Grand Trunk Railroad locomotiveGrand Trunk Railroad locomotive

Heading up to Chicago on this winter day was a frigid one indeed!   I had hopped a freight train out of the Swift Yards in Poplar Bluff, Missouri, on the Union Pacific Railroad and was now heading north.  I had just crossed the Mississippi River over one of Illinois and Missouri’s oldest rail bridges nearing the town of Scott City where we had our crew-change.  I got ready to bail off my boxcar here because I had started running low on supplies. 

Scott City, Missouri is a nice, small town that sets between St.

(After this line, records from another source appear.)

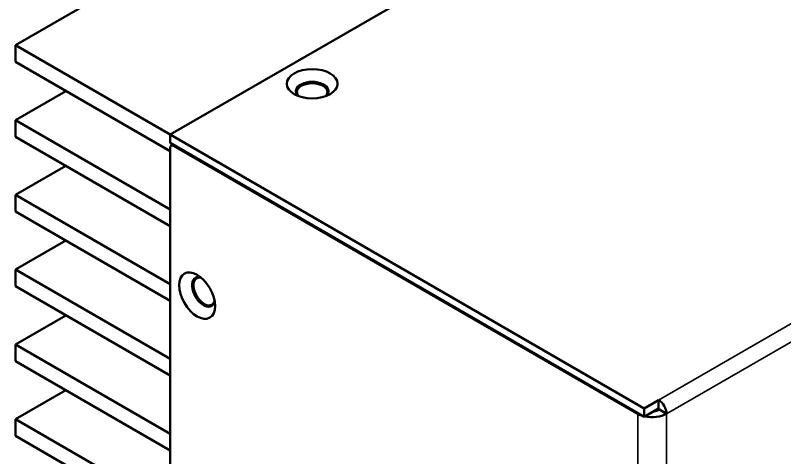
# Model space of a CAD drawing. Header units: millimetres. Extents: x 3412 to 5643, y 891 to 1933.
# Drawn here: x 4383.6 to 4459.2, y 1775 to 1818.5 of the extents above; entities that cross this region are included whole.
import ezdxf

# ---------------------------------------------------------------- set-up
doc = ezdxf.new("R2010")
doc.units = ezdxf.units.MM
doc.header["$LTSCALE"] = 1.8
doc.layers.add('외형선(ISO)', color=7, linetype='Continuous', lineweight=50)
doc.layers.add('좁은 외형선(ISO)', color=7, linetype='Continuous', lineweight=35)

msp = doc.modelspace()

# ---------------------------------------------------------------- linework, layer by layer
at = {"layer": '외형선(ISO)'}
for p, q in [((4499.24, 1864.738), (4398.831, 1806.767)), ((4457.874, 1858.41), (4383.628, 1815.544)), ((4383.628, 1815.544), (4398.831, 1806.767)), ((4383.628, 1813.911), (4383.628, 1815.544)), ((4398.831, 1805.134), (4383.628, 1813.911)), ((4388.578, 1811.054), (4383.628, 1808.196)), ((4383.628, 1808.196), (4398.831, 1799.419)), ((4383.628, 1806.563), (4383.628, 1808.196)), ((4398.831, 1797.786), (4383.628, 1806.563)), ((4445.429, 1779.863), (4398.831, 1806.767)), ((4398.831, 1806.767), (4398.831, 1805.951)), ((4398.831, 1805.951), (4445.429, 1779.047)), ((4398.831, 1657.838), (4398.831, 1805.461)), ((4399.109, 1805.79), (4398.935, 1805.689)), ((4399.185, 1805.665), (4444.793, 1779.333)), ((4388.578, 1803.705), (4383.628, 1800.847)), ((4383.628, 1800.847), (4398.831, 1792.07)), ((4383.628, 1799.214), (4383.628, 1800.847)), ((4398.831, 1790.437), (4383.628, 1799.214)), ((4388.578, 1796.357), (4383.628, 1793.499)), ((4383.628, 1793.499), (4398.831, 1784.722)), ((4383.628, 1791.866), (4383.628, 1793.499)), ((4398.831, 1783.089), (4383.628, 1791.866)), ((4388.578, 1789.008), (4383.628, 1786.15)), ((4383.628, 1786.15), (4398.831, 1777.373)), ((4383.628, 1784.517), (4383.628, 1786.15)), ((4398.831, 1775.74), (4383.628, 1784.517)), ((4388.578, 1781.66), (4383.628, 1778.802)), ((4445.429, 1779.863), (4446.844, 1780.68)), ((4446.844, 1779.863), (4446.844, 1780.68)), ((4445.429, 1779.047), (4445.429, 1779.863)), ((4446.844, 1779.863), (4445.429, 1779.047)), ((4446.914, 1779.741), (4447.621, 1779.333)), ((4383.628, 1778.802), (4398.831, 1770.025)), ((4383.628, 1777.169), (4383.628, 1778.802)), ((4398.831, 1768.392), (4383.628, 1777.169))]:
    msp.add_line(p, q, dxfattribs=at)
for centre, major_axis in [((4412.796, 1811.768), (2.5, 0)), ((4401.483, 1790.947), (-1.25, 2.165))]:
    msp.add_ellipse(centre, major_axis=major_axis, ratio=0.57735, dxfattribs=at)
for centre, major_axis, start_param, end_param in [((4412.796, 1811.033), (1.6, 0), 5.750054, 9.95791), ((4412.796, 1810.952), (1.5, 0), 5.792303, 9.915661), ((4412.796, 1810.952), (1.6, 0), 0.044209, 3.097384), ((4399.185, 1805.256), (-0.25, 0.433), 5.497787, 7.068583), ((4402.119, 1791.315), (-0.8, 1.386), 5.750054, 9.95791), ((4402.19, 1791.356), (-0.8, 1.386), 0.044209, 3.097384), ((4402.19, 1791.356), (-0.75, 1.299), 5.792303, 9.915661), ((4446.844, 1779.782), (0.55, -0.953), 0.785398, 2.356194), ((4446.207, 1780.149), (1, 0), 4.854286, 5.497787), ((4446.844, 1779.782), (-0.05, 0.0866), 3.926991, 5.497787), ((4446.207, 1780.149), (2, 0), 3.926991, 4.244551), ((4446.207, 1780.149), (2, 0), 4.338508, 5.497787)]:
    msp.add_ellipse(centre, major_axis=major_axis, ratio=0.57735, start_param=start_param, end_param=end_param, dxfattribs=at)
at = {"layer": '좁은 외형선(ISO)'}
for p, q in [((4446.844, 1780.68), (4545.838, 1837.835)), ((4447.621, 1779.333), (4546.616, 1836.487)), ((4399.185, 1805.665), (4399.255, 1805.706)), ((4444.793, 1779.333), (4444.864, 1779.374)), ((4444.793, 1630.894), (4444.793, 1779.333)), ((4447.621, 1779.333), (4447.621, 1630.894))]:
    msp.add_line(p, q, dxfattribs=at)

doc.saveas('drawing.dxf')
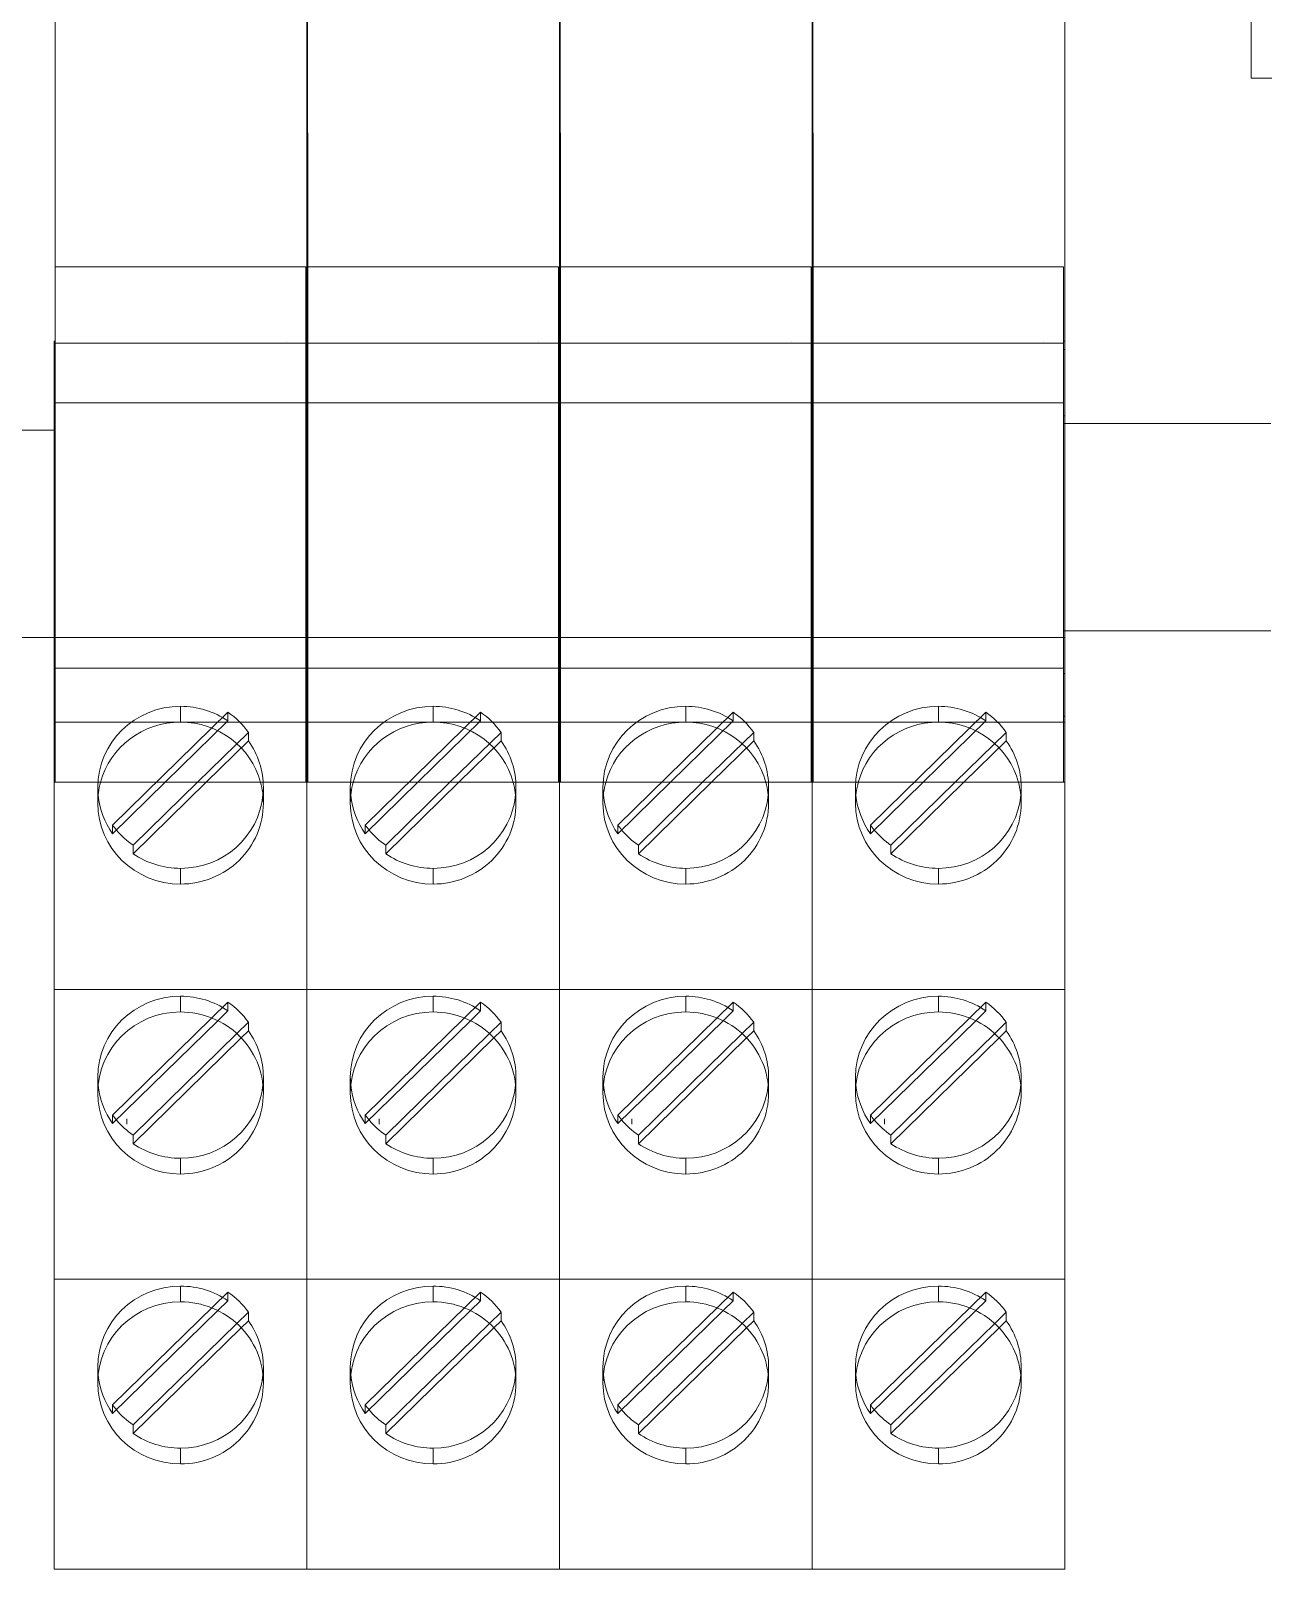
# Model space of a CAD drawing. Header units: millimetres. Extents: x 4137 to 6698, y 1400 to 3585.
# Drawn here: x 6007.68 to 6037.64, y 2028.77 to 2065.91 of the extents above; entities that cross this region are included whole.
import ezdxf

# ---------------------------------------------------------------- set-up
doc = ezdxf.new("R2010")
doc.units = ezdxf.units.MM
doc.layers.add('000-PI-Oprema', color=30, linetype='Continuous', lineweight=5)
doc.layers.add('000-PI-ORMAR', color=2, linetype='Continuous')
doc.layers.add('002-PI-Kabelska kanalica', color=150, linetype='Continuous')

msp = doc.modelspace()

# ---------------------------------------------------------------- linework, layer by layer
at = {"layer": '000-PI-Oprema', "color": 0, "linetype": 'ByBlock', "lineweight": 0}
for p, q in [((6037.148, 2064.768), (6037.148, 2072.768)), ((6037.648, 2064.768), (6037.148, 2064.768))]:
    msp.add_line(p, q, dxfattribs=at)
at = {"layer": '000-PI-ORMAR', "color": 0, "linetype": 'ByBlock', "lineweight": 0}
for p, q in [((6008.273, 2060.217), (6008.248, 2086.418)), ((6008.273, 2060.217), (6008.248, 2086.418)), ((6014.373, 2060.217), (6014.348, 2086.418)), ((6014.373, 2060.217), (6014.348, 2086.418)), ((6020.473, 2060.217), (6020.448, 2086.418)), ((6020.473, 2060.217), (6020.448, 2086.418)), ((6026.573, 2060.217), (6026.548, 2086.418)), ((6026.573, 2060.217), (6026.548, 2086.418)), ((6014.348, 2084.718), (6014.348, 2058.418)), ((6014.348, 2084.718), (6014.348, 2058.418)), ((6020.448, 2084.718), (6020.448, 2058.418)), ((6020.448, 2084.718), (6020.448, 2058.418)), ((6026.548, 2084.718), (6026.548, 2058.418)), ((6026.548, 2084.718), (6026.548, 2058.418)), ((6032.648, 2084.718), (6032.648, 2058.418)), ((6032.648, 2084.718), (6032.648, 2058.418)), ((6008.273, 2059.73), (6008.273, 2060.217)), ((6014.323, 2060.217), (6008.273, 2060.217)), ((6008.273, 2059.73), (6008.273, 2060.217)), ((6014.323, 2059.73), (6014.323, 2060.217)), ((6014.323, 2059.73), (6014.323, 2060.217)), ((6014.373, 2059.73), (6014.373, 2060.217)), ((6020.423, 2060.217), (6014.373, 2060.217)), ((6014.373, 2059.73), (6014.373, 2060.217)), ((6020.423, 2059.73), (6020.423, 2060.217)), ((6020.423, 2059.73), (6020.423, 2060.217)), ((6020.473, 2059.73), (6020.473, 2060.217)), ((6026.523, 2060.217), (6020.473, 2060.217)), ((6020.473, 2059.73), (6020.473, 2060.217)), ((6026.523, 2059.73), (6026.523, 2060.217)), ((6026.523, 2059.73), (6026.523, 2060.217)), ((6026.573, 2059.73), (6026.573, 2060.217)), ((6032.623, 2060.217), (6026.573, 2060.217)), ((6026.573, 2059.73), (6026.573, 2060.217)), ((6032.623, 2059.73), (6032.623, 2060.217)), ((6032.623, 2059.73), (6032.623, 2060.217)), ((6008.273, 2059.73), (6008.273, 2058.368)), ((6008.273, 2059.73), (6008.273, 2058.368)), ((6014.323, 2059.73), (6014.323, 2058.368)), ((6014.323, 2059.73), (6014.323, 2058.368)), ((6014.373, 2059.73), (6014.373, 2058.368)), ((6014.373, 2059.73), (6014.373, 2058.368)), ((6020.423, 2059.73), (6020.423, 2058.368)), ((6020.423, 2059.73), (6020.423, 2058.368)), ((6020.473, 2059.73), (6020.473, 2058.368)), ((6020.473, 2059.73), (6020.473, 2058.368)), ((6026.523, 2059.73), (6026.523, 2058.368)), ((6026.523, 2059.73), (6026.523, 2058.368)), ((6026.573, 2059.73), (6026.573, 2058.368)), ((6026.573, 2059.73), (6026.573, 2058.368)), ((6032.623, 2059.73), (6032.623, 2058.368)), ((6032.623, 2059.73), (6032.623, 2058.368)), ((6008.248, 2058.418), (6008.273, 2058.418)), ((6008.248, 2058.418), (6008.248, 2058.218)), ((6008.248, 2058.418), (6008.248, 2058.418)), ((6008.248, 2058.418), (6008.273, 2058.418)), ((6008.248, 2058.418), (6008.248, 2058.218)), ((6008.248, 2058.418), (6008.248, 2058.418)), ((6008.273, 2056.662), (6008.273, 2058.368)), ((6014.323, 2058.368), (6008.273, 2058.368)), ((6008.273, 2058.368), (6008.273, 2058.368)), ((6008.273, 2056.662), (6008.273, 2058.368)), ((6008.273, 2058.368), (6008.273, 2058.368)), ((6013.848, 2058.418), (6013.848, 2058.418)), ((6013.848, 2058.418), (6013.848, 2058.418)), ((6014.323, 2058.418), (6014.348, 2058.418)), ((6014.323, 2058.418), (6014.348, 2058.418)), ((6014.323, 2056.662), (6014.323, 2058.368)), ((6014.323, 2058.368), (6014.323, 2058.368)), ((6014.323, 2056.662), (6014.323, 2058.368)), ((6014.323, 2058.368), (6014.323, 2058.368)), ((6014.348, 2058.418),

Louis and Poplar Bluff,  If you were to need to walk to Cape Girardeau, Missouri, it would only take you about one hour to do so.   This day I would not be walking that far, but did need to walk to the store so I could resupply my food bag.   Having no money on me at this time, I found myself a flap of cardboard, took out my black Magic-Marker and wrote in large, clear, fat letters, a small statement that read:  “TRAVELING.  NEED ANY FOOD HELP.  GOD BLESS YOU”.   I sat at the exit light to where traffic exits from Interstate 55 and has to stop at the redlight in order to turn right or left at the road that tee’s after the light.   I sat here for about ten minutes until a small compact car pulled up to stop at the redlight.   Her window rolled down about half ways and this nice lady gave me a McDonald’s bag with two cheeseburgers and then handed me a ten dollar bill!   The next help came from an off duty policeman.  He rolled his window down and handed me a five dollar bill!  After around 45 minutes here at this corner, I had enough food and money then.  So I could now safely buy all the other food that I didn’t get there at that corner.  Plus I now had roughly $78.00.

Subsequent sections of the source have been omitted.